- **EXERCISE AIM**
When you reach the line containing "- User Library-Arduino Nano 3.0_User Library-TUMD2_BASE-1: User" in the records below, start copying exactly, and stop once you have copied the line containing "0.75) size (1.2 1.1 0.06)".

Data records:
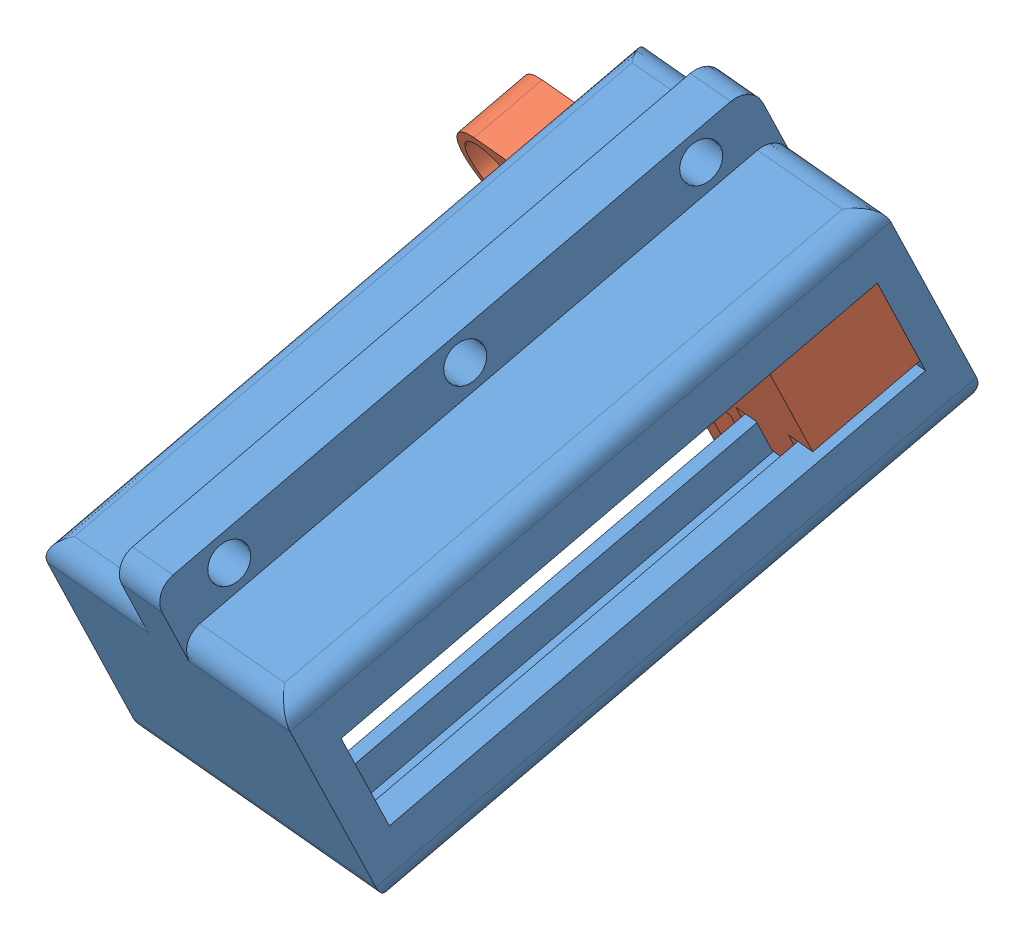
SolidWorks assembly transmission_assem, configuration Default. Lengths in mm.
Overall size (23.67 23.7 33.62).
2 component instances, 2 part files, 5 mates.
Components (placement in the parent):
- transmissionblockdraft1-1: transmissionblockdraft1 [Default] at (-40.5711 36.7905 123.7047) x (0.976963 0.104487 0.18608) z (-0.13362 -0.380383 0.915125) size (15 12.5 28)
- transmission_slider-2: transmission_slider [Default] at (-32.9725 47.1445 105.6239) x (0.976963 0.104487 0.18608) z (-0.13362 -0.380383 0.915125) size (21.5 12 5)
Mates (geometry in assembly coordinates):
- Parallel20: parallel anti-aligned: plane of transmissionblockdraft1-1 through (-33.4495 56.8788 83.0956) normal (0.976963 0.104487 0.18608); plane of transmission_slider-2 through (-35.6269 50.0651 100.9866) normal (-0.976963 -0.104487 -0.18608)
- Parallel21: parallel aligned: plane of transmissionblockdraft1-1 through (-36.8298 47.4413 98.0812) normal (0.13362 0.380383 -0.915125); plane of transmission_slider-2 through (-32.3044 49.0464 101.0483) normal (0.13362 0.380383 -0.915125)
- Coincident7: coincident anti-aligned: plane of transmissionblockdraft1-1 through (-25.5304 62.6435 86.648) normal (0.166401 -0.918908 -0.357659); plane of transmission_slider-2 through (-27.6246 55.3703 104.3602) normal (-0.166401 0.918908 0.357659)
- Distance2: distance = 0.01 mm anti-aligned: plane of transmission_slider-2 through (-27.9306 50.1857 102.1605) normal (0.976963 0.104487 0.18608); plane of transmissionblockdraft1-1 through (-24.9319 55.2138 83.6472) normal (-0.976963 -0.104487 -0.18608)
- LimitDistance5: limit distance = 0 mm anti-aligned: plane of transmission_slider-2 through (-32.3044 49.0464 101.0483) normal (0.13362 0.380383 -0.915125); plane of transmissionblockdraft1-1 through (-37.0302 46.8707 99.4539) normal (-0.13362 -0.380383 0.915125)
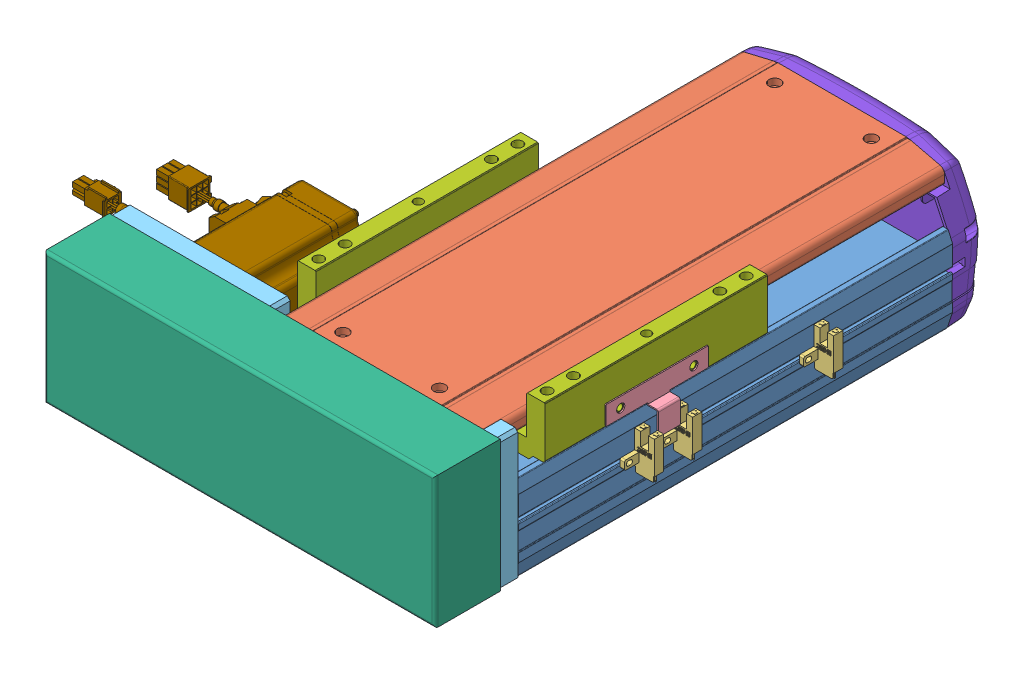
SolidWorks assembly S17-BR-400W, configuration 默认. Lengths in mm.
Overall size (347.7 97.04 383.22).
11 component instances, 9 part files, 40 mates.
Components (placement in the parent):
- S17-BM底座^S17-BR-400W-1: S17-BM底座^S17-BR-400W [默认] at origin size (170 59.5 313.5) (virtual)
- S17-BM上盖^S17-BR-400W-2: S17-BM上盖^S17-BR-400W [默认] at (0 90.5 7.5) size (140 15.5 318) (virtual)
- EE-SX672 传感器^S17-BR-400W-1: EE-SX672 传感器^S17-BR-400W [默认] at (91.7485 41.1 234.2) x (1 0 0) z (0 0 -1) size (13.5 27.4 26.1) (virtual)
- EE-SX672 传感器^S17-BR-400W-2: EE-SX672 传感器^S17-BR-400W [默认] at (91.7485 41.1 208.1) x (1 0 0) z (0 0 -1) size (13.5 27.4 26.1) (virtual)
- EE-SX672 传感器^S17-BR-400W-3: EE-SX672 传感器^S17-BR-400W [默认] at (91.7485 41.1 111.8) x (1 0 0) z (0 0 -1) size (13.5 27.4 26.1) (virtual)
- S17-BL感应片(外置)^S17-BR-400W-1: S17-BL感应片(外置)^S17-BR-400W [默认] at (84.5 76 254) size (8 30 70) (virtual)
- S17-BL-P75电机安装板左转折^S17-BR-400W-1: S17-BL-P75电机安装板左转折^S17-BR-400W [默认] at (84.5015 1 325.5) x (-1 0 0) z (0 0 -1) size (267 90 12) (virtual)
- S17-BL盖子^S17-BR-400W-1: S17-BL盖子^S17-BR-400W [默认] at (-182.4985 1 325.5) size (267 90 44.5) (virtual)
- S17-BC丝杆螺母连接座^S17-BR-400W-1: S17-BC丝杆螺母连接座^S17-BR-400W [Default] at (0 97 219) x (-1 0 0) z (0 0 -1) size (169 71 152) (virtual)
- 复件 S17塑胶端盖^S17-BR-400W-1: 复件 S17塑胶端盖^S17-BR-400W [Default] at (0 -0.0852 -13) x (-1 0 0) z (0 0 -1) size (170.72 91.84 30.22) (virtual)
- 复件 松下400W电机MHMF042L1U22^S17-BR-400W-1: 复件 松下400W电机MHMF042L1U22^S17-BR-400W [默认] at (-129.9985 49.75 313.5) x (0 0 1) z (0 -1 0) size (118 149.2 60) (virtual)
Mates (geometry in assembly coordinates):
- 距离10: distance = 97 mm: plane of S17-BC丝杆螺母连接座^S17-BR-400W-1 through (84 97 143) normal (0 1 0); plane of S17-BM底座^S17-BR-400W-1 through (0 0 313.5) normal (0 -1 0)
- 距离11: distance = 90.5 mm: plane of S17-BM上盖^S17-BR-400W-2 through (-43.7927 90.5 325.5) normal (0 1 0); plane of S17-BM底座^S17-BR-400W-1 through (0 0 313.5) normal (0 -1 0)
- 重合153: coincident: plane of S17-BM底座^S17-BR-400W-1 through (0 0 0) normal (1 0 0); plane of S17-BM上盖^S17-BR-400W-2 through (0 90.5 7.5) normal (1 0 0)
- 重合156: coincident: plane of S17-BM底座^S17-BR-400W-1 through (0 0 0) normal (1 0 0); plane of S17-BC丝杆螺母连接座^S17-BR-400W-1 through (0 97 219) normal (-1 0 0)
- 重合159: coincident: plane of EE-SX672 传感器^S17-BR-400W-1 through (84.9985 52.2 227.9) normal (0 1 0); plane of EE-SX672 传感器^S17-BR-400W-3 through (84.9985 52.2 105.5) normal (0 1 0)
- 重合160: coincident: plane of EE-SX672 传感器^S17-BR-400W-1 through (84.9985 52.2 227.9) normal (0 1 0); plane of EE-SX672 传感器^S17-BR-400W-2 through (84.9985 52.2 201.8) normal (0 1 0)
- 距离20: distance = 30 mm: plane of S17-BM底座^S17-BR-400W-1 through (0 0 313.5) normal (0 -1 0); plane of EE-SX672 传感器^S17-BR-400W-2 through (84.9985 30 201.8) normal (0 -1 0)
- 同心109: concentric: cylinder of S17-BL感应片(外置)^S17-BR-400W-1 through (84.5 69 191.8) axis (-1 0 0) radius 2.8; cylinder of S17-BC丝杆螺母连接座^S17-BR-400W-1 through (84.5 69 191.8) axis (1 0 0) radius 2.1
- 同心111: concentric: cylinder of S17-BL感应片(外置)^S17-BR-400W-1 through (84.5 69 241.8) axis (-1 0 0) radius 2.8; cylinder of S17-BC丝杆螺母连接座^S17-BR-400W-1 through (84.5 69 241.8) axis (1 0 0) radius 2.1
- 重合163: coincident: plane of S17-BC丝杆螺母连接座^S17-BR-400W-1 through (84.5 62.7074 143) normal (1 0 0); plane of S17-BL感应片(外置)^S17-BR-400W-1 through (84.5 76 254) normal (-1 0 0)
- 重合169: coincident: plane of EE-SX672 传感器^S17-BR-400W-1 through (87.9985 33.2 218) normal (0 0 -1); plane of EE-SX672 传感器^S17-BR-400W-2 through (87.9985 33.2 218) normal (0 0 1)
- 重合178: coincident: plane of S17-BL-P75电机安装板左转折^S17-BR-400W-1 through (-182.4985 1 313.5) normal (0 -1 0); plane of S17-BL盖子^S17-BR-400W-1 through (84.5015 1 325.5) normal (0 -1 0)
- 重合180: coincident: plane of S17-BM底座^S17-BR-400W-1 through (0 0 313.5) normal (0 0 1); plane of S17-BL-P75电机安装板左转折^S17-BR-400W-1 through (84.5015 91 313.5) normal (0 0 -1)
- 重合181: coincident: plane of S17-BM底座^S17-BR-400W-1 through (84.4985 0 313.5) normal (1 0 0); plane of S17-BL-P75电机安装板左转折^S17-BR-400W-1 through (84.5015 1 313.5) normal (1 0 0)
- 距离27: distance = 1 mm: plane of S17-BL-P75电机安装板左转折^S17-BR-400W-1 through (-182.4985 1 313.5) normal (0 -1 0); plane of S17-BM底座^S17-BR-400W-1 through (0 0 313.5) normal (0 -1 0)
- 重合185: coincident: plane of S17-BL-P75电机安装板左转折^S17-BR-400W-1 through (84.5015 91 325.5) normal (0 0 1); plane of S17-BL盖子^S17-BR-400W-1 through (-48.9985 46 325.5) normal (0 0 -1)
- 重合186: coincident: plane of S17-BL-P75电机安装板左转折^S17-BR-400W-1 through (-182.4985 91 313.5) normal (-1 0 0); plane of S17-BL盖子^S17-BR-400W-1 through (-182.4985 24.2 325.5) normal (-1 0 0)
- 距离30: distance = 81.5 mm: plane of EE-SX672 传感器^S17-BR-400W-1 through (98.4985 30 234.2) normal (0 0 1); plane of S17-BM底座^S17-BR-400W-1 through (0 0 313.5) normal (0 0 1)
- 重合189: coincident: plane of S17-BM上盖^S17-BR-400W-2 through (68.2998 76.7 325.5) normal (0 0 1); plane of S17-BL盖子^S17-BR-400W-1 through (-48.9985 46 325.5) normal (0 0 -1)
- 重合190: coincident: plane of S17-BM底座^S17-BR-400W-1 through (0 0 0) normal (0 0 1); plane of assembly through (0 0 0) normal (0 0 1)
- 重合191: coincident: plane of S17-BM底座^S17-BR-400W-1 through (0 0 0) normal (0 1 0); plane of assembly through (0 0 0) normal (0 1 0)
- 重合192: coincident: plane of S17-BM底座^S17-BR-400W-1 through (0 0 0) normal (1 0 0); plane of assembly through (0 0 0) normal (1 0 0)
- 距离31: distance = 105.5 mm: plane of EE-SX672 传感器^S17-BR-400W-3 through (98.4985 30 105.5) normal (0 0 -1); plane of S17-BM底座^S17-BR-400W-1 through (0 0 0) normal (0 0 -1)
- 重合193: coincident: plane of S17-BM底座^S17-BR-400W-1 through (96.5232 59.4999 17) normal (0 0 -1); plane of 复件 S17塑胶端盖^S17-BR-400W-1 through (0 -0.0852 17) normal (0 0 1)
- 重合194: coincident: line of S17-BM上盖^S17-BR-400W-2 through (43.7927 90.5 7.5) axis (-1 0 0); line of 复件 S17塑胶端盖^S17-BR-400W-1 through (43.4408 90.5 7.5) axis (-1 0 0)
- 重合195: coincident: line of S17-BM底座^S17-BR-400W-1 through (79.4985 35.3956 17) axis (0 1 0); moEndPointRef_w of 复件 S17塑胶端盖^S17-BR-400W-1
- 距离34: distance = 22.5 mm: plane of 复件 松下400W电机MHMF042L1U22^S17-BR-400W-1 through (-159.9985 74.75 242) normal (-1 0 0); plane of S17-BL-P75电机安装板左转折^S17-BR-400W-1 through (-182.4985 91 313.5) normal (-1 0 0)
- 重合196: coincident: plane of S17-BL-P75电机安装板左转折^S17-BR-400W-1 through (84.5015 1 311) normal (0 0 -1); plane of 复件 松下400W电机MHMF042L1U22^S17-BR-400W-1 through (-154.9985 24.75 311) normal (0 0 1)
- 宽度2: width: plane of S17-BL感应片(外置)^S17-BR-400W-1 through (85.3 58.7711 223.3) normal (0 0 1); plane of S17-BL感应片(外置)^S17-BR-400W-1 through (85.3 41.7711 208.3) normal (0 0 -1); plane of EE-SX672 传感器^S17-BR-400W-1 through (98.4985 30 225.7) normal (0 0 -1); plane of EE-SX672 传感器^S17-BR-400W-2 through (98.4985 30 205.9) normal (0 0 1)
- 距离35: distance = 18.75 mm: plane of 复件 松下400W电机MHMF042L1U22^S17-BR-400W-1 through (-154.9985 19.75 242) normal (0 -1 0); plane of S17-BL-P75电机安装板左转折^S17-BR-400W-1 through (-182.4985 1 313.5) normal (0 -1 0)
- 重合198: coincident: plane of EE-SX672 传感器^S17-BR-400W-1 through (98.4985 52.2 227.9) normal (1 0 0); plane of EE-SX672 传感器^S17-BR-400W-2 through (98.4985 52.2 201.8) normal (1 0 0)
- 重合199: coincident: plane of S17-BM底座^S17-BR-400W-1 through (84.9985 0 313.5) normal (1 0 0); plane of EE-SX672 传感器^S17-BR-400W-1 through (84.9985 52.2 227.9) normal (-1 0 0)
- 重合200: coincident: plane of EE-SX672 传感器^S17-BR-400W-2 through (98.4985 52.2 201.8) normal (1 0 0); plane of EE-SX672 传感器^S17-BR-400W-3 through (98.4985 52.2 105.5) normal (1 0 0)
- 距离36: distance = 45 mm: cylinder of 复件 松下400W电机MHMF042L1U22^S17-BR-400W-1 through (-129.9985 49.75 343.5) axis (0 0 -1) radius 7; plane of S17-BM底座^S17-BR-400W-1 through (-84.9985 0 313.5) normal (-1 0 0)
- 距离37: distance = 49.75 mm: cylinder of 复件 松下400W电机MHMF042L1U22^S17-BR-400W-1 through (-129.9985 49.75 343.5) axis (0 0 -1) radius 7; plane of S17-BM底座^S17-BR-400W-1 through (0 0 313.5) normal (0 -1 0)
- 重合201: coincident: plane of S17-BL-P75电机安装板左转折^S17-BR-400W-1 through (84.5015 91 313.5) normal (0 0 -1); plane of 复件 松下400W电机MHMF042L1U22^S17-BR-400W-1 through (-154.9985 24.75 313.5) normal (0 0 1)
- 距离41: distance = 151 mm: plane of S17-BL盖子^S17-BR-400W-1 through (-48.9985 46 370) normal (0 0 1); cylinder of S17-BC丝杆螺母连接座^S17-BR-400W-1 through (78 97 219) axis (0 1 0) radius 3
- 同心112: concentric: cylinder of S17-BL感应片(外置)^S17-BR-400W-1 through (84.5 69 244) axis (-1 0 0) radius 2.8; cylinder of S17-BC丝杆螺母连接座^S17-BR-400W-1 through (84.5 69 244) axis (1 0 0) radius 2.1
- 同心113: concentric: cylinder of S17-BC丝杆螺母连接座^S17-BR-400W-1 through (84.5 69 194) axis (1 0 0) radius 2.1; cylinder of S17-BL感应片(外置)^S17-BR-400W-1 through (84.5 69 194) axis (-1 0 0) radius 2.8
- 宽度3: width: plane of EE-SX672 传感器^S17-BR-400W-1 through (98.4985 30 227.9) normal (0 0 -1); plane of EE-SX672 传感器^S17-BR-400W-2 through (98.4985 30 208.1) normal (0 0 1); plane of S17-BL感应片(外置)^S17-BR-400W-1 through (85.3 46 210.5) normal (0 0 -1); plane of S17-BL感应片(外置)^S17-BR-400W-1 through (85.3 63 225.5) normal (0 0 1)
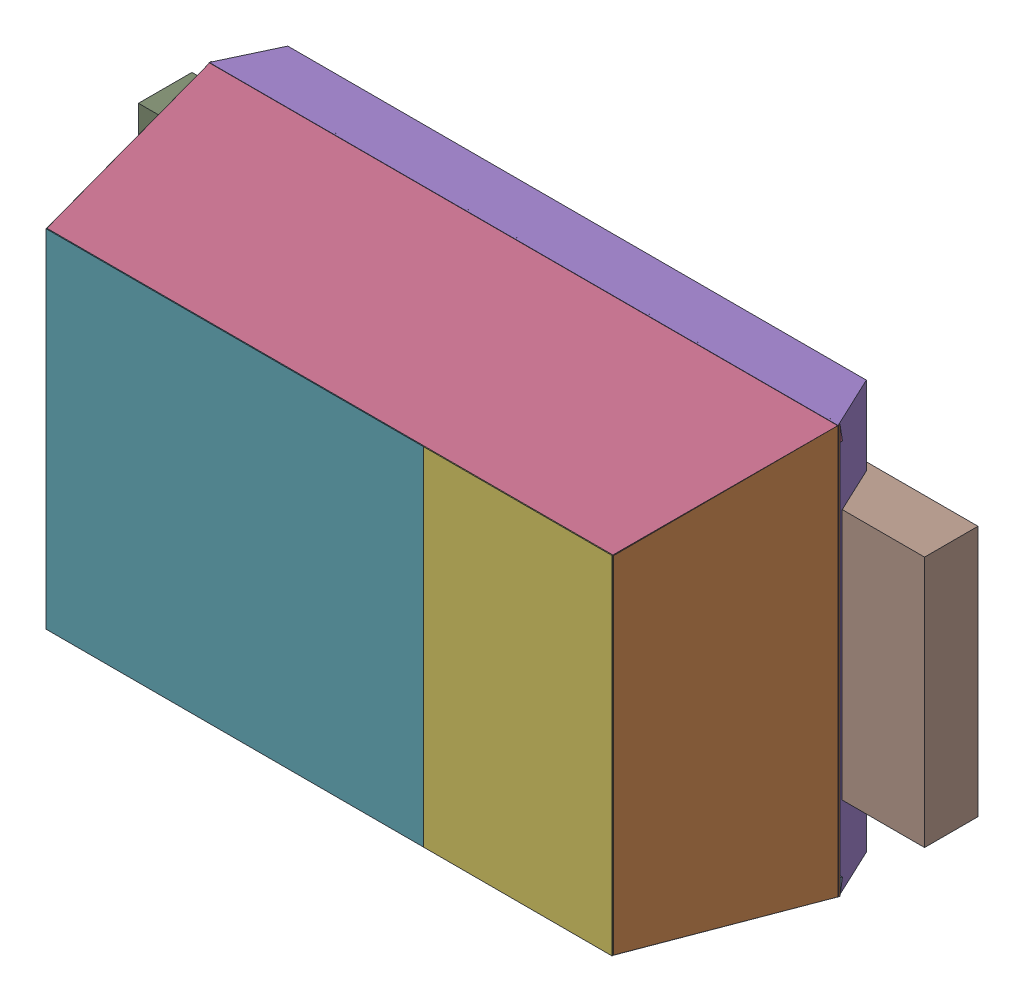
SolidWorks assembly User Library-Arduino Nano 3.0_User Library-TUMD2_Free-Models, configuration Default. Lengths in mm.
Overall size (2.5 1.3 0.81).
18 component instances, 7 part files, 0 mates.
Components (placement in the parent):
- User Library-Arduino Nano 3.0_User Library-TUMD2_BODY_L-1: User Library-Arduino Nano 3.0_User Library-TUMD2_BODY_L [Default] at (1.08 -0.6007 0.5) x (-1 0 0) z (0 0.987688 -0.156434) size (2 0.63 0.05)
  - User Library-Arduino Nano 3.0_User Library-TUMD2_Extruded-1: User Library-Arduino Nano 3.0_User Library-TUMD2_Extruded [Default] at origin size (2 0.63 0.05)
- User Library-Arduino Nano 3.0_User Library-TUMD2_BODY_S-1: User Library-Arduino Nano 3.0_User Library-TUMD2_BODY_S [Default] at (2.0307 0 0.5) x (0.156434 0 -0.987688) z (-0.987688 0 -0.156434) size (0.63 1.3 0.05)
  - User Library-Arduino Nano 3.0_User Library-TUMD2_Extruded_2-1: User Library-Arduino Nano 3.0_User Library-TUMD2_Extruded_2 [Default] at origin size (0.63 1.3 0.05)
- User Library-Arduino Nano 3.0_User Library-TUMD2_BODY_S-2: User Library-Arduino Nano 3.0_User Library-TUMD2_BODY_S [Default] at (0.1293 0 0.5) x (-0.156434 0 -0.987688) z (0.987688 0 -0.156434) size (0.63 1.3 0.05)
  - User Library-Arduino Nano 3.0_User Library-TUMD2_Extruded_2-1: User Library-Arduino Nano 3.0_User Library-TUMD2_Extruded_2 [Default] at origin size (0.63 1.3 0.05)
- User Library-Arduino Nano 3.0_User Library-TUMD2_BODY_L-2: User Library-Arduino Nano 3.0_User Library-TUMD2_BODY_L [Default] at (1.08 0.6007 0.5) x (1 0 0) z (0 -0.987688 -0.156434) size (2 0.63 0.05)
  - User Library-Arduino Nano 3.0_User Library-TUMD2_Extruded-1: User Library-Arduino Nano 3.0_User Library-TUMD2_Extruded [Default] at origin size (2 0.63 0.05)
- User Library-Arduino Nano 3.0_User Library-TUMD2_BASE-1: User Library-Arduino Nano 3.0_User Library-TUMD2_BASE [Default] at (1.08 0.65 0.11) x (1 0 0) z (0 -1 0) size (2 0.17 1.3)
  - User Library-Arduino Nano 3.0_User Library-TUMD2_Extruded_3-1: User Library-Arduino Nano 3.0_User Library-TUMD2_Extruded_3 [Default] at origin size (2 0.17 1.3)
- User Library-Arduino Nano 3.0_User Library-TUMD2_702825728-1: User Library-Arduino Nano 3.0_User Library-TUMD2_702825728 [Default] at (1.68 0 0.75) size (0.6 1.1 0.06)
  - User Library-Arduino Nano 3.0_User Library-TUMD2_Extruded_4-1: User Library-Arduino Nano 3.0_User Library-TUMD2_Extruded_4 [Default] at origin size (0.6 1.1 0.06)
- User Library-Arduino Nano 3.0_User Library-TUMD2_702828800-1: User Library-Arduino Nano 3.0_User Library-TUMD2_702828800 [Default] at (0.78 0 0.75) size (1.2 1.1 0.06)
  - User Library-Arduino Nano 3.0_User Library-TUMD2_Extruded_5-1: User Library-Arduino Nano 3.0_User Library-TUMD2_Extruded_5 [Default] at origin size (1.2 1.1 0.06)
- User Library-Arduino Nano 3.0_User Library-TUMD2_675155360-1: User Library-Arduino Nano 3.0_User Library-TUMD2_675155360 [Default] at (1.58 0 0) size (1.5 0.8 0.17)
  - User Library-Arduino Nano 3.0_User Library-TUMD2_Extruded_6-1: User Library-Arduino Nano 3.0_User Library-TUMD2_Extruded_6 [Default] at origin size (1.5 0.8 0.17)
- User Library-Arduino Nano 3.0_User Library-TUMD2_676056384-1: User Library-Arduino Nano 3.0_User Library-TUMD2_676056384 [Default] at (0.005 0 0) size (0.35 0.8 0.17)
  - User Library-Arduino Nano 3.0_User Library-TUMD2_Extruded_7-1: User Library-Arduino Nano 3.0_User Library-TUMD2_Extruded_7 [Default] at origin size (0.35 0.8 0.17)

- **FINISHED EXERCISE**
- User Library-Arduino Nano 3.0_User Library-TUMD2_BASE-1: User Library-Arduino Nano 3.0_User Library-TUMD2_BASE [Default] at (1.08 0.65 0.11) x (1 0 0) z (0 -1 0) size (2 0.17 1.3)
  - User Library-Arduino Nano 3.0_User Library-TUMD2_Extruded_3-1: User Library-Arduino Nano 3.0_User Library-TUMD2_Extruded_3 [Default] at origin size (2 0.17 1.3)
- User Library-Arduino Nano 3.0_User Library-TUMD2_702825728-1: User Library-Arduino Nano 3.0_User Library-TUMD2_702825728 [Default] at (1.68 0 0.75) size (0.6 1.1 0.06)
  - User Library-Arduino Nano 3.0_User Library-TUMD2_Extruded_4-1: User Library-Arduino Nano 3.0_User Library-TUMD2_Extruded_4 [Default] at origin size (0.6 1.1 0.06)
- User Library-Arduino Nano 3.0_User Library-TUMD2_702828800-1: User Library-Arduino Nano 3.0_User Library-TUMD2_702828800 [Default] at (0.78 0 0.75) size (1.2 1.1 0.06)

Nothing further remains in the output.